Unfortunately not. Recall that it is not possible to prove the intermediate value theorem constructively (see page 5 of Bishop’s book, the introduction section, send me a mail if you don’t have the book and want me to just scan that part for you). However, a method to prove your statement can be adapted to prove the intermediate value theorem:

Suppose that $f$ is a function $[0,1] \to \mathbb{R}$, and $f(0) < 0 < f(1)$. Let $F(x) = \int_0^x -f(y) dy$. Use your procedure to find the $x$ in $[0,1]$ where $F$ attains its maximum. By the fundamental theorem of calculus $F$ is differentiable and $F' = -f$, and since $x$ is where $F$ has a maximum, $F'(x) = 0$, so $-f(x) = 0$, so $f(x) = 0$, and the intermediate value has been found. [End proof] Therefore no such method can exist (a proof of negation). Bishop proves the necessary calculus theorems in his book. Interestingly, Bishop shows how to compute the least upper bound of a continuous function on an interval, but doesn't mention that it can't be shown to take that value.

@Robert: I took the liberty to edit your comment to insert LaTeX and also to fix the proof a bit (I think HTML ate a part of it). Please let me know if I did injustice to your proof. (Also, I think it goes without saying that $f$ is assumed to be continuous in Bishop sense, i.e., uniformly continuous on every closed interval, otherwise how do you define the integral?)

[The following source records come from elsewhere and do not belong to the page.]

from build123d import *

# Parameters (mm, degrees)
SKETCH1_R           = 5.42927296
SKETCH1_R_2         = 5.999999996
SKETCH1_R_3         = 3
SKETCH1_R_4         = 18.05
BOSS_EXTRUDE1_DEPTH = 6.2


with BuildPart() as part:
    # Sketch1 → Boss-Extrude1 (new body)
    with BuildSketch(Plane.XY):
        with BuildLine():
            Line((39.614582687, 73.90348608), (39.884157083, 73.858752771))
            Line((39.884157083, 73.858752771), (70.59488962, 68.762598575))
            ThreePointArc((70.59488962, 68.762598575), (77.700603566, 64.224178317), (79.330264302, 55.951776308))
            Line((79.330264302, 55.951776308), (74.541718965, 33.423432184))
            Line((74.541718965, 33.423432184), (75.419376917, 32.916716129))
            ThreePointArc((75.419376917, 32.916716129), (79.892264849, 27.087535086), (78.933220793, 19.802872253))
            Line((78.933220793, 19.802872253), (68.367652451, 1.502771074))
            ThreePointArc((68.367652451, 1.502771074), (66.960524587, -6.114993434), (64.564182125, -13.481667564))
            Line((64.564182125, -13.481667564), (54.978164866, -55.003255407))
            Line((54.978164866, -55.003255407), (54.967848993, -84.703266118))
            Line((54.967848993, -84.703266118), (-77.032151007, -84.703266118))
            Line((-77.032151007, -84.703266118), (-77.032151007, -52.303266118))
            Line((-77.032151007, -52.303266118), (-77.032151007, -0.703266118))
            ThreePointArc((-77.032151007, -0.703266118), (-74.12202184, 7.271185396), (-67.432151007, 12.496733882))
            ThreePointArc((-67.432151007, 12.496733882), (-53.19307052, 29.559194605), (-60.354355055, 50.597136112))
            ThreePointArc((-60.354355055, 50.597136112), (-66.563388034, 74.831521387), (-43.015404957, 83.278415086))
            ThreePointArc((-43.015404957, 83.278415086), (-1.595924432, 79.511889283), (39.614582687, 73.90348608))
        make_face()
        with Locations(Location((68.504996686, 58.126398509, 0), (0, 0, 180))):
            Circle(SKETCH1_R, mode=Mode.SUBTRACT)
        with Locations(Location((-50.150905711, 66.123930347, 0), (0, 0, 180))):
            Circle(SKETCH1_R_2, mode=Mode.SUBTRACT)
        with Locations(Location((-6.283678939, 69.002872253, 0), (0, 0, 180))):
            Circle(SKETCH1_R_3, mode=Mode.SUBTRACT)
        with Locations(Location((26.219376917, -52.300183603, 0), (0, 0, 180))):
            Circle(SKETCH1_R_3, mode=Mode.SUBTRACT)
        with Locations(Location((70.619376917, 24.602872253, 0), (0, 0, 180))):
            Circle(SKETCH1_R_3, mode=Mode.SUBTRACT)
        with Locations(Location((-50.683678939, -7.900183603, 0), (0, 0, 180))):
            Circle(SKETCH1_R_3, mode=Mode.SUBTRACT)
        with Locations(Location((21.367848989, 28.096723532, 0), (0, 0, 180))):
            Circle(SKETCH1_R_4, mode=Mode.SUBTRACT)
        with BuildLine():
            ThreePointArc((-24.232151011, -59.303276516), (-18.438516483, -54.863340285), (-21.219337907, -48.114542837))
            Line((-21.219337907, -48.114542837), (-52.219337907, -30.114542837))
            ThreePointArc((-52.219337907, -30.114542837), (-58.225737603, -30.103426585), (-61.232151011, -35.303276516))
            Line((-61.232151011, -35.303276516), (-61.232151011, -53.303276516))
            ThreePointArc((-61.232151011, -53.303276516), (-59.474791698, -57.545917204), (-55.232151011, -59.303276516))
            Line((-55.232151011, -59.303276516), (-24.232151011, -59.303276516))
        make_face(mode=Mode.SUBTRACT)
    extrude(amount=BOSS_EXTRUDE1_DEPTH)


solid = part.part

You have shown, I think, that if every Bishop-continuous map on $[0,1]$ attains its maximum then the Intermediate Value Theorem holds.

But my claim (specialized to $X = [0,1]$) was: if every sequence in $[0,1]$ has a convergent subsequence, then every continuous map on $[0,1]$ attains its maximum.

I am very sorry, but how does what you have shown invalidate what I claimed? If we put both things together we only get: “If every sequence in $[0,1]$ has a convergent subsequence then the Intermediate Value Theorem holds”. This is not in contradiction with possible failure of the Intermediate Value Theorem in Bishop-style mathematics. In fact, it is easy to show Bishop-style that the claim actually holds. For suppose every sequence in $[0,1]$ has a convergent subsequence and $f : [0,1] \to \mathbb{R}$ is continuous and $f(0) < 0 < f(1)$. We can find a sequence $(x_n)_n$ such that $|f(x_n)| \leq 2^{-n}$. Take a convergent subsequence of $(x_n)$, and its limit is where $f$ has a zero. It is an exercise to show that if every sequence of $[0,1]$ has a convergent subsequence then every continuous map on $[0,1]$ attains its maximum.

You are quite right, of course. I got confused because I didn’t realise you had assumed something that was Bishop-false. This must be why Bishop’s definition of compact isn’t any of the usual ones, it’s totally bounded and complete, and applies only to metric spaces.